Encode Catagorical Data

In [22]:
#Function to Encode catagorical data into columns of 1's and 0's
def EncodeCat(data_list,cat_col_list):
    encode_data=[]
    length=len(data_list)-1
    for i in np.arange(0,length,2):
        temptrain=data_list[i]
        temptest=data_list[i+1]
        tempcol=cat_col_list[i]
        temptrain=pd.get_dummies(temptrain,columns=tempcol,drop_first=True)
        temptest=pd.get_dummies(temptest,columns=tempcol,drop_first=True)
        encode_data.append(temptrain)
        encode_data.append(temptest)
    return encode_data



In [23]:
#Create list of encoded data
encode_data_list = EncodeCat(datalistnew,cat_col_list)

Scale all data columns with standard scaler
* Centers data based on the mean
* Normalizes data with standard deviation

In [24]:
#Use standard scaler to normalize data 
def ScalerFunc(datalist):  #returns list of processed data
    sc=StandardScaler()
    length=len(datalist)-1
    data_prefinal=[]
    for i in np.arange(0,length,2):
        tempdatatrain=datalist[i]
        tempdatatest=datalist[i+1]
        X_train_scaled=sc.fit_transform(tempdatatrain)
        X_test_scaled=sc.transform(tempdatatest)
        X_train = pd.DataFrame(X_train_scaled, columns = tempdatatrain.columns[:])
        X_test = pd.DataFrame(X_test_scaled, columns = tempdatatest.columns[:])
        data_prefinal.append(X_train)
        data_prefinal.append(X_test)
    return data_prefinal
 
#list of processed data
data_prefinal=ScalerFunc(encode_data_list)

In [25]:
y_list = [y_train,y_test,y_train_chol,y_test_chol,y_train,y_test,y_train_chol,y_test_chol]
#data_final=DropCols(data_prefinal,drop_cols)

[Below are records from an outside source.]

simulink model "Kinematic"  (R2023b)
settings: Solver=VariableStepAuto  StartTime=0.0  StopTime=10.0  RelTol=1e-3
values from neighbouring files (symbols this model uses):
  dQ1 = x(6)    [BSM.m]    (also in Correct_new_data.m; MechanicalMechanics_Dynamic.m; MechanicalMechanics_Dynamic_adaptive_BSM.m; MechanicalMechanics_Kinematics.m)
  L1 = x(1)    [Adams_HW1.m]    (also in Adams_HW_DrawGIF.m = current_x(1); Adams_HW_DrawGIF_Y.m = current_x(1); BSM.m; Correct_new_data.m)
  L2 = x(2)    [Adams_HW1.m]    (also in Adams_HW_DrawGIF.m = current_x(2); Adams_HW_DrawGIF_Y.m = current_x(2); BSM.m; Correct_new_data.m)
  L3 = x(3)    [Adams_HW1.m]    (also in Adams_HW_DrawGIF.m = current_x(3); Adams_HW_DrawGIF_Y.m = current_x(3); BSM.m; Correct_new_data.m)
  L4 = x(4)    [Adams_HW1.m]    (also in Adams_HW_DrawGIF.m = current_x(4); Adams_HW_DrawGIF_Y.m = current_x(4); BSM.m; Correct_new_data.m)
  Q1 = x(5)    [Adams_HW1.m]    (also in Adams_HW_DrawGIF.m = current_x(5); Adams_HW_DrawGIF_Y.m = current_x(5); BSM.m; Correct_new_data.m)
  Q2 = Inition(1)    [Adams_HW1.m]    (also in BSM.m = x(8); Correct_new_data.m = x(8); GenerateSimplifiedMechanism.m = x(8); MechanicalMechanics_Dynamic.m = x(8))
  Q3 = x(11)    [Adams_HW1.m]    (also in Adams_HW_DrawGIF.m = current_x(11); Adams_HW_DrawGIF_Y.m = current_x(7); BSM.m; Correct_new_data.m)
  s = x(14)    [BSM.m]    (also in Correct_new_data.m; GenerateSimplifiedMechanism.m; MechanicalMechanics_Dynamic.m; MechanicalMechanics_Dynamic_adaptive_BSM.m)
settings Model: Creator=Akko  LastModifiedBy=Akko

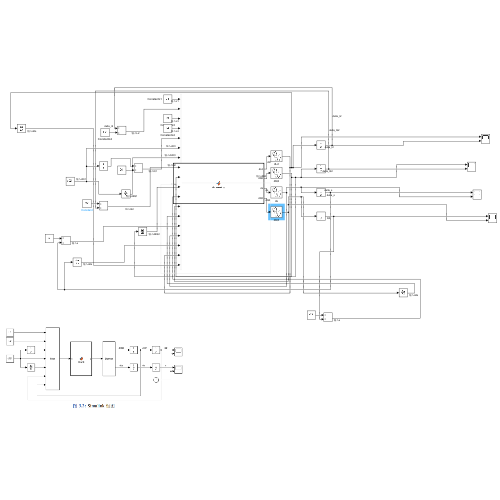
[thumbnail: Simulink's stored preview of the top-level diagram]
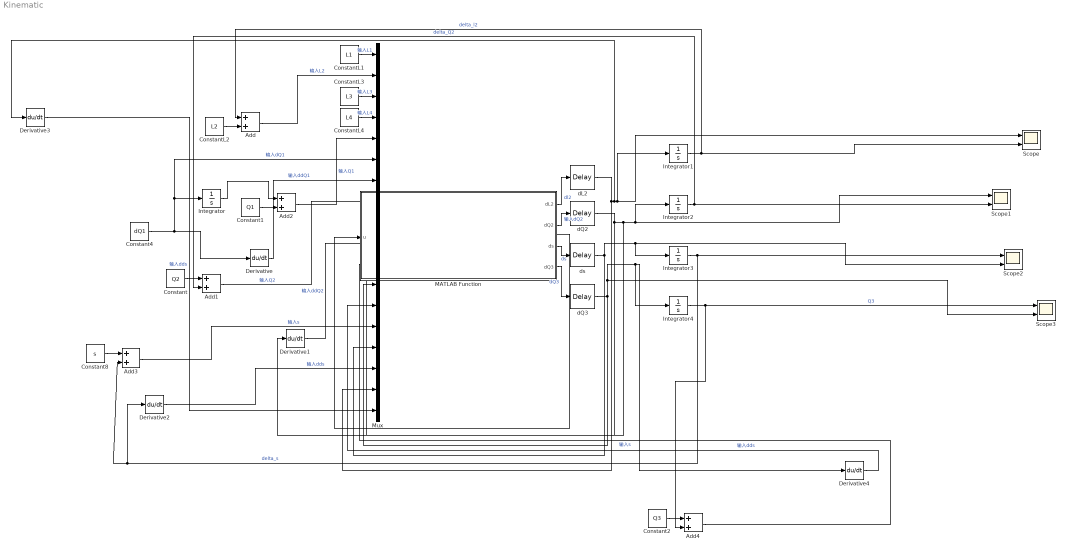
== system Kinematic ==
  Add{,1..4} (5 alike) : Sum
  Constant : Constant  Value=Q2
  Constant1 : Constant  Value=Q1
  Constant2 : Constant  Value=Q3
  Constant4 : Constant  Value=dQ1
  Constant8 : Constant  Value=s
  ConstantL1 : Constant  Value=L1
  ConstantL2 : Constant  Value=L2
  ConstantL3 : Constant  Value=L3
  ConstantL4 : Constant  Value=L4
  Derivative{,1..4} (5 alike) : Derivative
  Integrator{,1..4} (5 alike) : Integrator
  MATLAB Function : MATLAB Function  TreatAsAtomicUnit=on
  Mux : Mux  Inputs=18
  Scope{,1..3} (4 alike) : Scope  NumInputPorts=2
  dL2 : TransportDelay  DelayTime=1e-4
  dQ2 : TransportDelay  DelayTime=1e-4
  dQ3 : TransportDelay  DelayTime=1e-4
  ds : TransportDelay  DelayTime=1e-4
  wires:
  Mux/1 -> MATLAB Function/1(u)
  Integrator/1 -> Add2/1
  Constant4/1 -> Mux/6, Integrator/1, Derivative/1  "输入dQ1"
  ConstantL1/1 -> Mux/1  "输入L1"
  ConstantL2/1 -> Add/2
  ConstantL4/1 -> Mux/4  "输入L4"
  ConstantL3/1 -> Mux/3  "输入L3"
  Integrator4/1 -> Add4/2, Scope3/1  "Q3"
  Derivative/1 -> Mux/7  "输入ddQ1"
  MATLAB Function/1(dL2) -> dL2/1  "dl2"
  MATLAB Function/2(dQ2) -> dQ2/1  "输入dQ2"
  MATLAB Function/3(ds) -> ds/1  "ds"
  MATLAB Function/4(dQ3) -> dQ3/1  "dQ3"
  Integrator3/1 -> Add3/2, Derivative2/1, Scope2/1  "delta_s"
  Integrator1/1 -> Add/1, Scope/2  "delta_l2"
  Integrator2/1 -> Add1/2, Scope1/2  "delta_Q2"
  Add/1 -> Mux/2  "输入L2"
  Constant/1 -> Add1/1
  Add1/1 -> Mux/8  "输入Q2"
  Add2/1 -> Mux/5  "输入Q1"
  Constant1/1 -> Add2/2
  Derivative1/1 -> Mux/10  "输入ddQ2"
  Constant8/1 -> Add3/1
  Derivative2/1 -> Mux/16  "输入dds"
  Add3/1 -> Mux/14  "输入s"
  Constant2/1 -> Add4/1
  Add4/1 -> Mux/11  "输入s"
  Derivative4/1 -> Mux/13  "输入dds"
  Derivative3/1 -> Mux/18  "输入dds"
  dL2/1 -> Mux/17, Scope/1, Integrator1/1, Derivative3/1
  dQ2/1 -> Mux/9, Scope1/1, Integrator2/1, Derivative1/1
  ds/1 -> Scope2/2, Integrator3/1, Mux/15
  dQ3/1 -> Derivative4/1, Integrator4/1, Scope3/2, Mux/12

== matlab function Kinematic/MATLAB Function ==
  data: u input; dL2 output; dQ2 output; ds output; dQ3 output
function [dL2,dQ2,ds,dQ3]=Kinematics(u)
coder.extrinsic('MechanicalMechanics_Kinematics');
dL2 = 0; dQ2 = 0; ds = 0; dQ3 = 0;
[dL2,dQ2,ds,dQ3] = MechanicalMechanics_Kinematics(u);
end

def models_score(models,datalist,y_list):# (model is dict, datalist contains x values, y list)   
    #returns list of scores of each model
    scores = {}
    length = len(datalist)-1
    model_list=[]
    for i in np.arange(0,length,2):
        X_train=datalist[i]
        X_test=datalist[i+1]
        y_train = y_list[i]
        y_test = y_list[i+1]
        print("")
        print("")
        print("")
        for name, model in models.items():
            model.fit(X_train, y_train)
            y_pred=model.predict(X_test) 
            scores[name] = model.score(X_test,y_test)
            #printing the model name and accuracy !!!!!
            print("Model name: ",model)
            print("Accuracy :--->>",accuracy_score(y_test,y_pred))
            print()
            print(classification_report(y_test,y_pred))
            print("Confusion matrix:--->>\n",confusion_matrix(y_test,y_pred)) 
            print("\n<<<<------------------------------------------------------------->>>>\n")
           
   
        model_scores = pd.DataFrame(scores, index=['Score']).transpose()
        model_scores = model_scores.sort_values('Score',ascending=False)
        model_list.append(model_scores)
    return model_list

In [26]:
#Dictionary of models to test
models = {"LogisticRegression":LogisticRegression(solver="liblinear"),
          "SVC":SVC(C= 1.0,gamma= 0.05,kernel='rbf'),
          "DecisionTree":DecisionTreeClassifier(criterion='gini',max_depth=5,max_features='auto',splitter='random'),
          "AdaBoost":AdaBoostClassifier(algorithm='SAMME',learning_rate= 0.1,n_estimators=150),
          "GradiantBoost":GradientBoostingClassifier(criterion='friedman_mse',learning_rate=0.05,loss='exponential',n_estimators=100),
         "RandomForest":RandomForestClassifier(criterion='gini',n_estimators=150),
         "XgBoost": XGBClassifier(learning_rate=0.1,n_estimators=150),
         "KNeighborsClassifier":KNeighborsClassifier(n_neighbors=7)}

In [27]:
#Run all models on various datasets and print results
model_scores = models_score(models,data_prefinal,y_list)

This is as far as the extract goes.